Service architecture vulnerability: the network partition exposed critical cross-regional service dependencies that significantly amplified the incident impact. Several us-central1 services maintained dependencies on eu-north1, transforming a network connectivity issue into broader service unavailability. Additionally, our geo-IP load balancing system continued directing customers to both regional endpoints without awareness of the network partition, resulting in inconsistent service experiences.

Incident response outcomes

This incident highlighted several critical areas for improvement in our network and service architecture:

Network infrastructure lessons:

  • Routing policy validation: network safeguards were insufficient to prevent cross-domain routing conflicts, allowing the formation of persistent routing loops

  • Latent issue detection: network redundancy successfully maintained service during normal operations but masked critical routing vulnerabilities until triggered by subsequent changes

  • Network monitoring: routing instability detection took approximately 20 minutes, indicating gaps in real-time network health visibility

Service architecture lessons:

  • Cross-regional dependencies: multiple us-central1 services retained dependencies on eu-north1 infrastructure, creating service architecture vulnerabilities that amplified network incidents

  • Load balancing resilience: customer‑facing experiences lacked sufficient failover; users were not automatically redirected to a healthy Console during the partition.

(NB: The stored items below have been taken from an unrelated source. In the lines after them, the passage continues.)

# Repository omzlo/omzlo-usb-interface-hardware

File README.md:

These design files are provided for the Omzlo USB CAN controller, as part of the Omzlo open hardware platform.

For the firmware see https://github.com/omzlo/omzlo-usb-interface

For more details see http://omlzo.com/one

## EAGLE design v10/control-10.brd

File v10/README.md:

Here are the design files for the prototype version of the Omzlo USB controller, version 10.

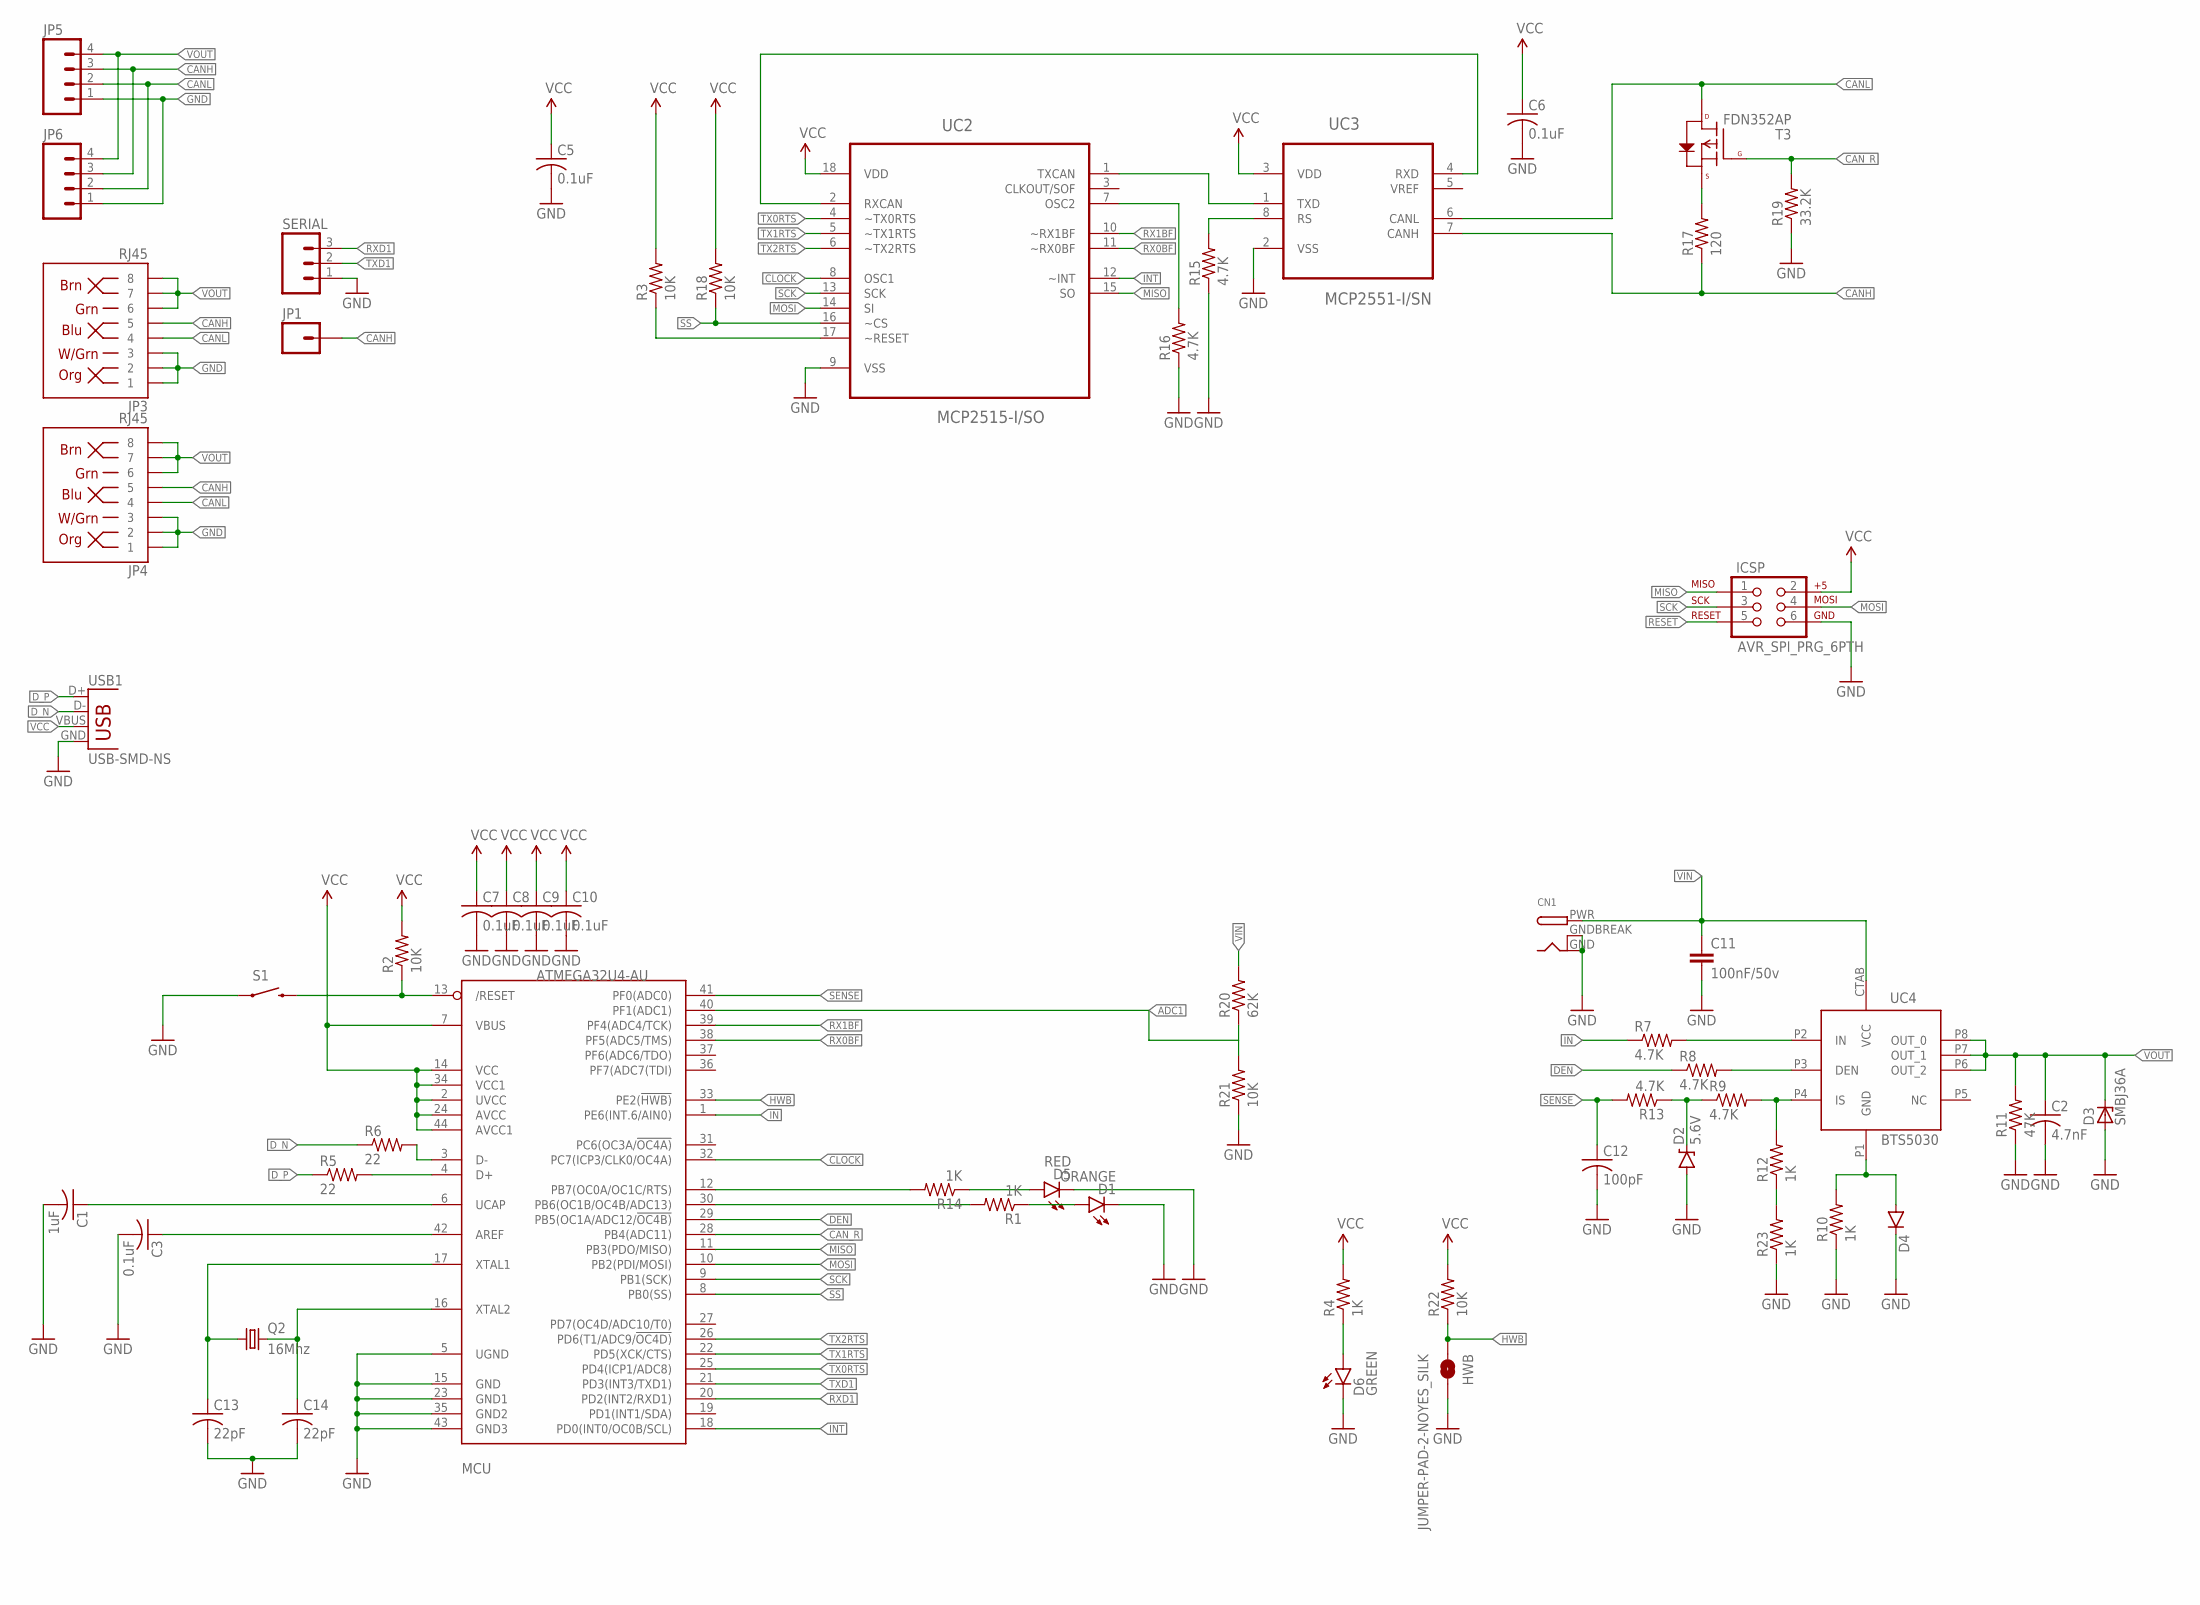
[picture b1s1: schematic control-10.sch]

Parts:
C1: 1uF; C0805
C2: 4.7nF; C0805
C3, C5, C6, C7, C8, C9, C10: 0.1uF; C0603
C11: 100nF/50v; 0805
C12: 100pF; C0805
C13, C14: 22pF; C0805
CN1: DCBARRELPTH; DCJACK_2MM_PTH
D1: ORANGE; LED-1206
D2: 5.6V; SOD-323
D3: SMBJ36A; SMB
D4: DIODESMA; SMA-DIODE
D5: RED; LED-1206
D6: GREEN; LED-1206
HWB: JUMPER-PAD-2-NOYES_SILK; PAD-JUMPER-2-NO_YES_SILK
ICSP: AVR_SPI_PRG_6PTH; 2X3
JP1: M01NOSILK-KIT; 1X01NS-KIT
JP3, JP4: RJ45; RJ45-8
JP5, JP6: M04SCREW; SCREWTERMINAL-3.5MM-4
MCU: ATMEGA32U4-AU; TQFP44
Q2: 16Mhz; HC49UP
R1, R4, R14: 1K; 0805
R2, R3, R18, R21, R22: 10K; M0805
R5, R6: 22; M0805
R7, R8, R9, R13, R15, R16: 4.7K; M0805
R10, R12, R23: 1K; M0805
R11: 47K; M0805
R17: 120; M0805
R19: 33.2K; M0805
R20: 62K; M0805
S1: SWITCH-MOMENTARY-2SMD-1101NE; TACTILE-SWITCH-1101NE
SERIAL: M03PTH; 1X03
T3: FDN352AP; SOT23-3
UC2: MCP2515-I/SO; SOIC127P1034X264-18N
UC3: MCP2551-I/SN; SOIC127P600X175-8N
UC4: BTS5030; PG-DSO-8-43
USB1: USB-SMD-NS; USB-MINIB-NOSTOP

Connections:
ADC1: MCU.40 (PF1(ADC1)), R20.1, R21.2
CANH: JP1.1, JP3.5, JP4.5, JP5.3, JP6.3, R17.1, UC3.7 (CANH)
CANL: JP3.4, JP4.4, JP5.2, JP6.2, T3.3 (D), UC3.6 (CANL)
CAN_R: MCU.28 (PB4(ADC11)), R19.2, T3.1 (G)
CLOCK: MCU.32 (PC7(ICP3/CLK0/OC4A)), UC2.8 (OSC1)
DEN: MCU.29 (PB5(OC1A/ADC12/!OC4B)), R8.1
DU_N: MCU.3 (D-), R6.2
DU_P: MCU.4 (D+), R5.2
D_N: R6.1, USB1.D-
D_P: R5.1, USB1.D+
GND: C1.2, C2.2, C3.2, C5.2, C6.2, C7.2, C8.2, C9.2, C10.2, C11.2, C12.2, C13.2, C14.2, CN1.GND, CN1.GNDBREAK, D1.C, D2.A, D3.A, D4.C, D5.C, D6.C, HWB.2, ICSP.6, JP3.1, JP3.2, JP3.3, JP4.1, JP4.2, JP4.3, JP5.1, JP6.1, MCU.5 (UGND), MCU.15 (GND), MCU.23 (GND1), MCU.35 (GND2), MCU.43 (GND3), R10.1, R11.1, R15.1, R16.1, R19.1, R21.1, R23.1, S1.1, SERIAL.1, UC2.9 (VSS), UC3.2 (VSS), USB1.GND
HWB: HWB.1, MCU.33 (PE2(!HWB)), R22.1
IN: MCU.1 (PE6(INT.6/AIN0)), R7.1
INT: MCU.18 (PD0(INT0/OC0B/SCL)), UC2.12 (~INT)
MISO: ICSP.1, MCU.11 (PB3(PDO/MISO)), UC2.15 (SO)
MOSI: ICSP.4, MCU.10 (PB2(PDI/MOSI)), UC2.14 (SI)
unnamed: C13.1, MCU.17 (XTAL1), Q2.1
unnamed: D1.A, R1.1
unnamed: R7.2, UC4.P2 (IN)
unnamed: UC2.1 (TXCAN), UC3.1 (TXD)
unnamed: C14.1, MCU.16 (XTAL2), Q2.2
unnamed: UC2.2 (RXCAN), UC3.4 (RXD)
unnamed: R16.2, UC2.7 (OSC2)
unnamed: R12.1, R23.2
unnamed: R3.1, UC2.17 (~RESET)
unnamed: R8.2, UC4.P3 (DEN)
unnamed: R15.2, UC3.8 (RS)
unnamed: R17.2, T3.2 (S)
unnamed: R9.2, R12.2, UC4.P4 (IS)
unnamed: D4.A, R10.2, UC4.P1 (GND)
unnamed: MCU.12 (PB7(OC0A/OC1C/RTS)), R14.2
unnamed: D2.C, R9.1, R13.1
unnamed: MCU.30 (PB6(OC1B/OC4B/ADC13)), R1.2
unnamed: D5.A, R14.1
unnamed: C3.1, MCU.42 (AREF)
unnamed: D6.A, R4.1
unnamed: C1.1, MCU.6 (UCAP)
RESET: ICSP.5, MCU.13 (/RESET), R2.1, S1.2
RX0BF: MCU.38 (PF5(ADC5/TMS)), UC2.11 (~RX0BF)
RX1BF: MCU.39 (PF4(ADC4/TCK)), UC2.10 (~RX1BF)
RXD1: MCU.20 (PD2(INT2/RXD1)), SERIAL.3
SCK: ICSP.3, MCU.9 (PB1(SCK)), UC2.13 (SCK)
SENSE: C12.1, MCU.41 (PF0(ADC0)), R13.2
SS: MCU.8 (PB0(SS)), R18.1, UC2.16 (~CS)
TX0RTS: MCU.25 (PD4(ICP1/ADC8)), UC2.4 (~TX0RTS)
TX1RTS: MCU.22 (PD5(XCK/CTS)), UC2.5 (~TX1RTS)
TX2RTS: MCU.26 (PD6(T1/ADC9/!OC4D)), UC2.6 (~TX2RTS)
TXD1: MCU.21 (PD3(INT3/TXD1)), SERIAL.2
VCC: C5.1, C6.1, C7.1, C8.1, C9.1, C10.1, ICSP.2, MCU.2 (UVCC), MCU.7 (VBUS), MCU.14 (VCC), MCU.24 (AVCC), MCU.34 (VCC1), MCU.44 (AVCC1), R2.2, R3.2, R4.2, R18.2, R22.2, UC2.18 (VDD), UC3.3 (VDD), USB1.VBUS
VIN: C11.1, CN1.PWR, R20.2, UC4.CTAB (VCC)
VOUT: C2.1, D3.C, JP3.6, JP3.7, JP3.8, JP4.6, JP4.7, JP4.8, JP5.4, JP6.4, R11.2, UC4.P6 (OUT_2), UC4.P7 (OUT_1), UC4.P8 (OUT_0)

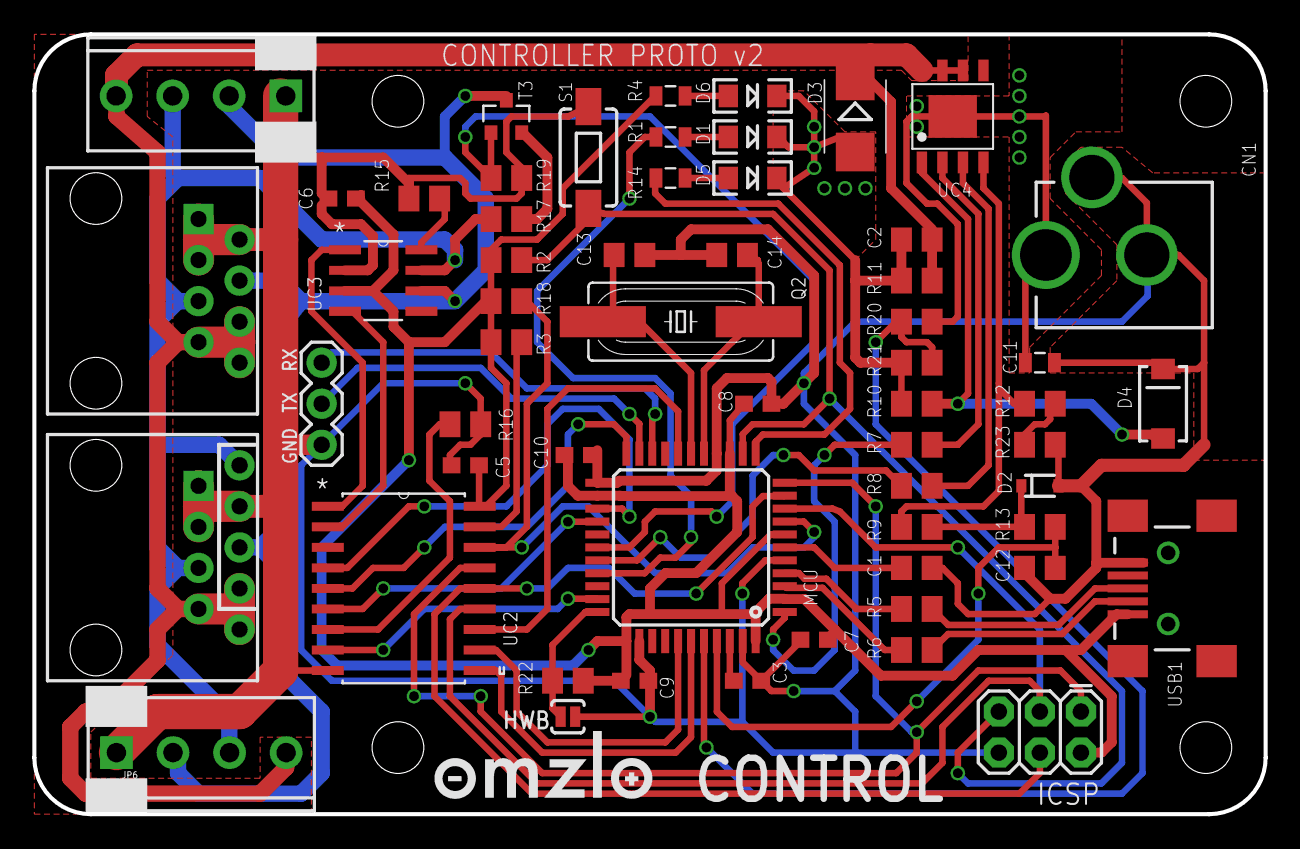
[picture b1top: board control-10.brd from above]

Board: 2 copper layers, 76.2 x 48.3 mm, 60 parts (0 on the bottom side), 51 nets.

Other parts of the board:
U$1: OMZLO-0.5

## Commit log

2017-03-13 Added schematics
2017-03-13 Create LICENSE
2017-03-23 Added Eagle design files
2017-03-23 Add Eagle board files

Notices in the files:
parts and their libraries:
SparkFun-LED: Licensing: Creative Commons ShareAlike 4.0 International - https://creativecommons.org/licenses/by-sa/4.0

  • Regional service isolation: varying service impacts demonstrated the critical need for independent regional operation capabilities during network partitions

  • Tenant registration architecture: cross-region quorum requirements created unnecessary single points of failure for customer onboarding processes

Post-incident action plan

We are implementing comprehensive improvements to prevent similar incidents and reduce customer impact.

Network infrastructure improvements:

  • Implement stricter split-horizon controls between routing domains to prevent cross-domain routing cycles.
  • Enhance cross-region connectivity alerting to detect and alert on inter-facility loss.
  • Deploy automated pre-deployment routing policy validation and network simulation tools.
  • Enhance routing stability monitoring with automated churn detection and alerting for unusual routing patterns.

Service architecture improvements:

  • Enable geo-DNS failover for Console to automatically redirect users to healthy regional endpoints during network partitions.
  • Reduce cross-regional service dependencies, enabling tenant creation and core operations without single control-plane path reliance.
  • Regionalize shared Console dependencies to eliminate single-region dependencies for user-facing experiences.
  • Improve tenant registration to operate without all-regions quorum requirement.

We sincerely apologize for the service disruption and any inconvenience this caused. Reliability remains our highest priority, and we are committed to implementing these comprehensive improvements to prevent similar incidents.